___ PROVIDED MATERIAL ___
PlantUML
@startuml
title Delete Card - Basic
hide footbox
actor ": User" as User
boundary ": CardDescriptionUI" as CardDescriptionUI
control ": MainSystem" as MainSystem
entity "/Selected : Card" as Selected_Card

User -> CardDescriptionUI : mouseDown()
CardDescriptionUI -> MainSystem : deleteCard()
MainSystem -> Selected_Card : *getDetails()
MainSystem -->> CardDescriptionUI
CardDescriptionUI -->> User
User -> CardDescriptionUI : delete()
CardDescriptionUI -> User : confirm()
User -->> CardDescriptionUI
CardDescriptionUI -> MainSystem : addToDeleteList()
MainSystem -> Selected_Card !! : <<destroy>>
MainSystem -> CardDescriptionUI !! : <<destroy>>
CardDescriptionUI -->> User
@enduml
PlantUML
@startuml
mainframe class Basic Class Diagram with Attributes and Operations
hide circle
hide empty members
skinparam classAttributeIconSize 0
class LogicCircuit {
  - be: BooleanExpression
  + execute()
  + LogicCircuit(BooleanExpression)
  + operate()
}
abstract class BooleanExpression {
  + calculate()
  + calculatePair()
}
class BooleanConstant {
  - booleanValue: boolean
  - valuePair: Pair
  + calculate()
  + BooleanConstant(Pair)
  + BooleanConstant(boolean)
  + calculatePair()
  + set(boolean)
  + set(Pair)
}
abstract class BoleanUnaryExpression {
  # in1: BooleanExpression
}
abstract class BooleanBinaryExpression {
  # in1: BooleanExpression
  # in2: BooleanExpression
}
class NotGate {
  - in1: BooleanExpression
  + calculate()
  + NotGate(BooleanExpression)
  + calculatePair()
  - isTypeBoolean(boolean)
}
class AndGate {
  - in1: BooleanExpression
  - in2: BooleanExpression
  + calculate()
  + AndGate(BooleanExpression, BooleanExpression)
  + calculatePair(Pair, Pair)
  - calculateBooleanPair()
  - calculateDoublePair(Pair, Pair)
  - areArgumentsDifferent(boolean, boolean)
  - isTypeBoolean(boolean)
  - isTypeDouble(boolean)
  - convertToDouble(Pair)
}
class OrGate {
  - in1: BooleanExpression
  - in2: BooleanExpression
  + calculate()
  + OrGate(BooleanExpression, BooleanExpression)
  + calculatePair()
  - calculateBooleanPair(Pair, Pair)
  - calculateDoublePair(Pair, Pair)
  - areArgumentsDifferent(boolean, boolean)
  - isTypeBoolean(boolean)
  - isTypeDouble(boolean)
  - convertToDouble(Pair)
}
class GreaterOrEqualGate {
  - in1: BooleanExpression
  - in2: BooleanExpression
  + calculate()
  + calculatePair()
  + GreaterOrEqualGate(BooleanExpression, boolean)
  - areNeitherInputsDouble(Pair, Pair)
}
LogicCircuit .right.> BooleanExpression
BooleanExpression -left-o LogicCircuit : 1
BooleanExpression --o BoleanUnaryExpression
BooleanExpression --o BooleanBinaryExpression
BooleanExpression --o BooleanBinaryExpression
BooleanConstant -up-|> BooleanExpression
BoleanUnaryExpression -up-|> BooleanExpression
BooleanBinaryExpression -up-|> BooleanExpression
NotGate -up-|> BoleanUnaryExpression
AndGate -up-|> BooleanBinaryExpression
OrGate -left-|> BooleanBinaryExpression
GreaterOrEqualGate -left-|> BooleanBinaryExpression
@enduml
___
Your response needs to restate the lines above exactly.

PlantUML
@startuml
title Delete Card - Basic
hide footbox
actor ": User" as User
boundary ": CardDescriptionUI" as CardDescriptionUI
control ": MainSystem" as MainSystem
entity "/Selected : Card" as Selected_Card

User -> CardDescriptionUI : mouseDown()
CardDescriptionUI -> MainSystem : deleteCard()
MainSystem -> Selected_Card : *getDetails()
MainSystem -->> CardDescriptionUI
CardDescriptionUI -->> User
User -> CardDescriptionUI : delete()
CardDescriptionUI -> User : confirm()
User -->> CardDescriptionUI
CardDescriptionUI -> MainSystem : addToDeleteList()
MainSystem -> Selected_Card !! : <<destroy>>
MainSystem -> CardDescriptionUI !! : <<destroy>>
CardDescriptionUI -->> User
@enduml
PlantUML
@startuml
mainframe class Basic Class Diagram with Attributes and Operations
hide circle
hide empty members
skinparam classAttributeIconSize 0
class LogicCircuit {
  - be: BooleanExpression
  + execute()
  + LogicCircuit(BooleanExpression)
  + operate()
}
abstract class BooleanExpression {
  + calculate()
  + calculatePair()
}
class BooleanConstant {
  - booleanValue: boolean
  - valuePair: Pair
  + calculate()
  + BooleanConstant(Pair)
  + BooleanConstant(boolean)
  + calculatePair()
  + set(boolean)
  + set(Pair)
}
abstract class BoleanUnaryExpression {
  # in1: BooleanExpression
}
abstract class BooleanBinaryExpression {
  # in1: BooleanExpression
  # in2: BooleanExpression
}
class NotGate {
  - in1: BooleanExpression
  + calculate()
  + NotGate(BooleanExpression)
  + calculatePair()
  - isTypeBoolean(boolean)
}
class AndGate {
  - in1: BooleanExpression
  - in2: BooleanExpression
  + calculate()
  + AndGate(BooleanExpression, BooleanExpression)
  + calculatePair(Pair, Pair)
  - calculateBooleanPair()
  - calculateDoublePair(Pair, Pair)
  - areArgumentsDifferent(boolean, boolean)
  - isTypeBoolean(boolean)
  - isTypeDouble(boolean)
  - convertToDouble(Pair)
}
class OrGate {
  - in1: BooleanExpression
  - in2: BooleanExpression
  + calculate()
  + OrGate(BooleanExpression, BooleanExpression)
  + calculatePair()
  - calculateBooleanPair(Pair, Pair)
  - calculateDoublePair(Pair, Pair)
  - areArgumentsDifferent(boolean, boolean)
  - isTypeBoolean(boolean)
  - isTypeDouble(boolean)
  - convertToDouble(Pair)
}
class GreaterOrEqualGate {
  - in1: BooleanExpression
  - in2: BooleanExpression
  + calculate()
  + calculatePair()
  + GreaterOrEqualGate(BooleanExpression, boolean)
  - areNeitherInputsDouble(Pair, Pair)
}
LogicCircuit .right.> BooleanExpression
BooleanExpression -left-o LogicCircuit : 1
BooleanExpression --o BoleanUnaryExpression
BooleanExpression --o BooleanBinaryExpression
BooleanExpression --o BooleanBinaryExpression
BooleanConstant -up-|> BooleanExpression
BoleanUnaryExpression -up-|> BooleanExpression
BooleanBinaryExpression -up-|> BooleanExpression
NotGate -up-|> BoleanUnaryExpression
AndGate -up-|> BooleanBinaryExpression
OrGate -left-|> BooleanBinaryExpression
GreaterOrEqualGate -left-|> BooleanBinaryExpression
@enduml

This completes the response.